The expected output is the first line of the data below and every line after it, up to and including the line containing "import ezdxf", each reproduced exactly.

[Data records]
___
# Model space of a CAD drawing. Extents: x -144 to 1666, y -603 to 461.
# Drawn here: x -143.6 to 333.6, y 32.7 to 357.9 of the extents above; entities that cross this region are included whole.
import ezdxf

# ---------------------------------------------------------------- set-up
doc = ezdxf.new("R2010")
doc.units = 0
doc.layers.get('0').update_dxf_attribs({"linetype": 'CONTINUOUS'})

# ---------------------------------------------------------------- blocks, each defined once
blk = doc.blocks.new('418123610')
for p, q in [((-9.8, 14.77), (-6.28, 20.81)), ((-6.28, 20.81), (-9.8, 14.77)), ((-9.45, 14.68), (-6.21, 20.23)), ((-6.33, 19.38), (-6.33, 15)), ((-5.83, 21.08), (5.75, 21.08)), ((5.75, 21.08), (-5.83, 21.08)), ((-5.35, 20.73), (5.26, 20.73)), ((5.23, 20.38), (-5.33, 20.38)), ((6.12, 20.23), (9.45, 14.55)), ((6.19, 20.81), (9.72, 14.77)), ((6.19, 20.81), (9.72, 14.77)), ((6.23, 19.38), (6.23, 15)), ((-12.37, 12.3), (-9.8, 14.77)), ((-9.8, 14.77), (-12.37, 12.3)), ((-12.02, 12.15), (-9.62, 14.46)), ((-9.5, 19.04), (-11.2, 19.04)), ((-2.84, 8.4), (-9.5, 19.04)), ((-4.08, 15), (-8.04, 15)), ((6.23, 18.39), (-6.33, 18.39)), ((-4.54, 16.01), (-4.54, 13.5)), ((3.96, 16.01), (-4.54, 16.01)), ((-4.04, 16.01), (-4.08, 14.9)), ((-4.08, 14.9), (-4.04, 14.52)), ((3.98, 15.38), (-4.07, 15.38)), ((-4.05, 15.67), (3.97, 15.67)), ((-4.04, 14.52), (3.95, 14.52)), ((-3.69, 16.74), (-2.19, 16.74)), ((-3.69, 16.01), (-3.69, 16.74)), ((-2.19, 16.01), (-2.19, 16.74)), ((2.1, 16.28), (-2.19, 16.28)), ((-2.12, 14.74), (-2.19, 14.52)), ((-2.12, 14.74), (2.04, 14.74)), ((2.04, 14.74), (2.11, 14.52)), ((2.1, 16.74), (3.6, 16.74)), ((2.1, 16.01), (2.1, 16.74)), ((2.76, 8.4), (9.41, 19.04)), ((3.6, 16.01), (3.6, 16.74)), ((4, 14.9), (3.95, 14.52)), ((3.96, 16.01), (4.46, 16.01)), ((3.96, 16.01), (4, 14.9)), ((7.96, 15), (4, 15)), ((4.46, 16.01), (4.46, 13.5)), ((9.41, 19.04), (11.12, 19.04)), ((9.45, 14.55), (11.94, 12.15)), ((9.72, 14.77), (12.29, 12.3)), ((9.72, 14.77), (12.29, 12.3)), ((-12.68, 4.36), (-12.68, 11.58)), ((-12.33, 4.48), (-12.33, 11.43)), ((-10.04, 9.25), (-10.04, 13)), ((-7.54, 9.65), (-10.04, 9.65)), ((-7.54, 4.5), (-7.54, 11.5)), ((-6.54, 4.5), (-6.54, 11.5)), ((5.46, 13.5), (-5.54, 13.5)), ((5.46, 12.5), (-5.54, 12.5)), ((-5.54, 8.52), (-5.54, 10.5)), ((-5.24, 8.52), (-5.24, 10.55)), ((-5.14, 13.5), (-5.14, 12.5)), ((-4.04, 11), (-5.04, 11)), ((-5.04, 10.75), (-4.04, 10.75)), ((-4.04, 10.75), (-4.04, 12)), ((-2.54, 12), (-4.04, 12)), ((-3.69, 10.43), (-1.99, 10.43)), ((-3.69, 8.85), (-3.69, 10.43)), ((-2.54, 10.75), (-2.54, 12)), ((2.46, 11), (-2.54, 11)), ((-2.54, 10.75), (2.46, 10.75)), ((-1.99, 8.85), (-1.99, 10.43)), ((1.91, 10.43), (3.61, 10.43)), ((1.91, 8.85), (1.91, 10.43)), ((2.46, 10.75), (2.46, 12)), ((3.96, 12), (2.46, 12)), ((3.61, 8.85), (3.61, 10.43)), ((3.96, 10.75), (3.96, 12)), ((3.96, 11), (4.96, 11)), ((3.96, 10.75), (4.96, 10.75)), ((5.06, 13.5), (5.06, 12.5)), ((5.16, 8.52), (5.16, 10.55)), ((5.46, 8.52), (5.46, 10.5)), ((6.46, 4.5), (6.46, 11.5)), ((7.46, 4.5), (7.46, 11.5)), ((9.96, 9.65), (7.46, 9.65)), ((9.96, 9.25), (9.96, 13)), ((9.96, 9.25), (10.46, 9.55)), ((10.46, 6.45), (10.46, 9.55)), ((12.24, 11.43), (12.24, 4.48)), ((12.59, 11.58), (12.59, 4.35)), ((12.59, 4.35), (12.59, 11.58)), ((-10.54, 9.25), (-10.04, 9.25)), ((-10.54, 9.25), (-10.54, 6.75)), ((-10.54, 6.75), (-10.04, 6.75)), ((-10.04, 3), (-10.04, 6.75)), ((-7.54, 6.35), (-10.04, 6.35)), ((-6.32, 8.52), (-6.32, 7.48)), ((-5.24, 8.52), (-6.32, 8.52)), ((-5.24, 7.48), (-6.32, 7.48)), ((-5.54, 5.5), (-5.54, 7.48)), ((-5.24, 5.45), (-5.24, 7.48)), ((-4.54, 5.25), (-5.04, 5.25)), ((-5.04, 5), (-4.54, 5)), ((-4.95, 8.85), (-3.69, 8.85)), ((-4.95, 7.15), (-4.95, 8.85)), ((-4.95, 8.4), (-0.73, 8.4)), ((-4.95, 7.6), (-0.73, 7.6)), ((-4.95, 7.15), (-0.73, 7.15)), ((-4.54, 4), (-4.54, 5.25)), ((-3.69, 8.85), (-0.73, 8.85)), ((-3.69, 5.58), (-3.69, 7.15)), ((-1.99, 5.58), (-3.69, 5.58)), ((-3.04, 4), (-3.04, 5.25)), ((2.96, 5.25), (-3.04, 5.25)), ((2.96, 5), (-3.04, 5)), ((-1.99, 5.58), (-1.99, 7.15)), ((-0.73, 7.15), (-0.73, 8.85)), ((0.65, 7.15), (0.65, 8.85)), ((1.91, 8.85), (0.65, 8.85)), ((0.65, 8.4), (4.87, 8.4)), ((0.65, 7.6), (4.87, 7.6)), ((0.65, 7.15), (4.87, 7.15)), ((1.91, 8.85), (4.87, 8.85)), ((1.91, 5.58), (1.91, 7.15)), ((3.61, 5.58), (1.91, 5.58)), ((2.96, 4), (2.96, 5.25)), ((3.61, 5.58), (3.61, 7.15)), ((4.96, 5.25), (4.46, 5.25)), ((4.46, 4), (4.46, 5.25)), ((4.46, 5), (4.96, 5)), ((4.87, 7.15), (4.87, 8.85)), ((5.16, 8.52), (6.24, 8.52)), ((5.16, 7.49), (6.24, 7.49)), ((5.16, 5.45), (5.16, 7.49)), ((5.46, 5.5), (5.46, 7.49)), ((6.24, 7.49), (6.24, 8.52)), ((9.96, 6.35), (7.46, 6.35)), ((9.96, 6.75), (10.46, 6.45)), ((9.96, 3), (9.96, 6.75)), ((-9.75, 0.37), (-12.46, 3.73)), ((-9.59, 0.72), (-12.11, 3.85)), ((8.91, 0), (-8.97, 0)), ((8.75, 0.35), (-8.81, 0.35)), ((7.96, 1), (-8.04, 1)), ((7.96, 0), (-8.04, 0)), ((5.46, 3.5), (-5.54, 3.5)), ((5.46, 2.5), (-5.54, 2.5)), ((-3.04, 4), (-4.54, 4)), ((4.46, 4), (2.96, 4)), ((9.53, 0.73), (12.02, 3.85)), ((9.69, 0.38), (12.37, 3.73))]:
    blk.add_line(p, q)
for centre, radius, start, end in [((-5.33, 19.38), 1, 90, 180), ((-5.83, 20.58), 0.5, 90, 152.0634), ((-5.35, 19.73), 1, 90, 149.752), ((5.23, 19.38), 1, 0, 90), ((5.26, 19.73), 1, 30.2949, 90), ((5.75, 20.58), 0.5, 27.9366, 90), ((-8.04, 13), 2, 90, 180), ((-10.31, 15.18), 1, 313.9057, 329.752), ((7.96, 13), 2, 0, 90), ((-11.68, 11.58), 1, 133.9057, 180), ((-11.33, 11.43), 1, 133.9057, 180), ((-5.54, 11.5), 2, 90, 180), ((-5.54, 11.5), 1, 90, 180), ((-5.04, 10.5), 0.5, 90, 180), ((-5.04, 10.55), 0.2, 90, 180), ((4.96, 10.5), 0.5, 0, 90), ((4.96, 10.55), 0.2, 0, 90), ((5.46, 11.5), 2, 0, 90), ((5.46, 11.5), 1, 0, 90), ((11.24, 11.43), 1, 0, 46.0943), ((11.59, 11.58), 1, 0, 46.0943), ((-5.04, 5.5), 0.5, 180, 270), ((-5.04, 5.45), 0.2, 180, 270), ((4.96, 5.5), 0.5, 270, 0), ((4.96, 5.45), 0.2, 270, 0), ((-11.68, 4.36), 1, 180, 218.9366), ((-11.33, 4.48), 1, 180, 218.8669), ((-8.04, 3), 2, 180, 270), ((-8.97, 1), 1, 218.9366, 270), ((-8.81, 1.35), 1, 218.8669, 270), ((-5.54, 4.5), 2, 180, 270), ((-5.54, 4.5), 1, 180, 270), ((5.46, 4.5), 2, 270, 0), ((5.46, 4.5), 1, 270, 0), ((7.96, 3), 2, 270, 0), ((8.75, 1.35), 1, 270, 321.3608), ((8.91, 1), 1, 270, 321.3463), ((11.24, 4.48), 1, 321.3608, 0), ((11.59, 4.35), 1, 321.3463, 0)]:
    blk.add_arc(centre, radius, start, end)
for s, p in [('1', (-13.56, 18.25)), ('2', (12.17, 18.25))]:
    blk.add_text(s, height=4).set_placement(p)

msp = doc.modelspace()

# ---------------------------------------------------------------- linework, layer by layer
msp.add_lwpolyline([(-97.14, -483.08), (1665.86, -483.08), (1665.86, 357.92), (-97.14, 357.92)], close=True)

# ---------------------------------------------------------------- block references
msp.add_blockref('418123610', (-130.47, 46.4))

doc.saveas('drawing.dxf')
___
• _Response to the exercise_:
# Model space of a CAD drawing. Extents: x -144 to 1666, y -603 to 461.
# Drawn here: x -143.6 to 333.6, y 32.7 to 357.9 of the extents above; entities that cross this region are included whole.
import ezdxf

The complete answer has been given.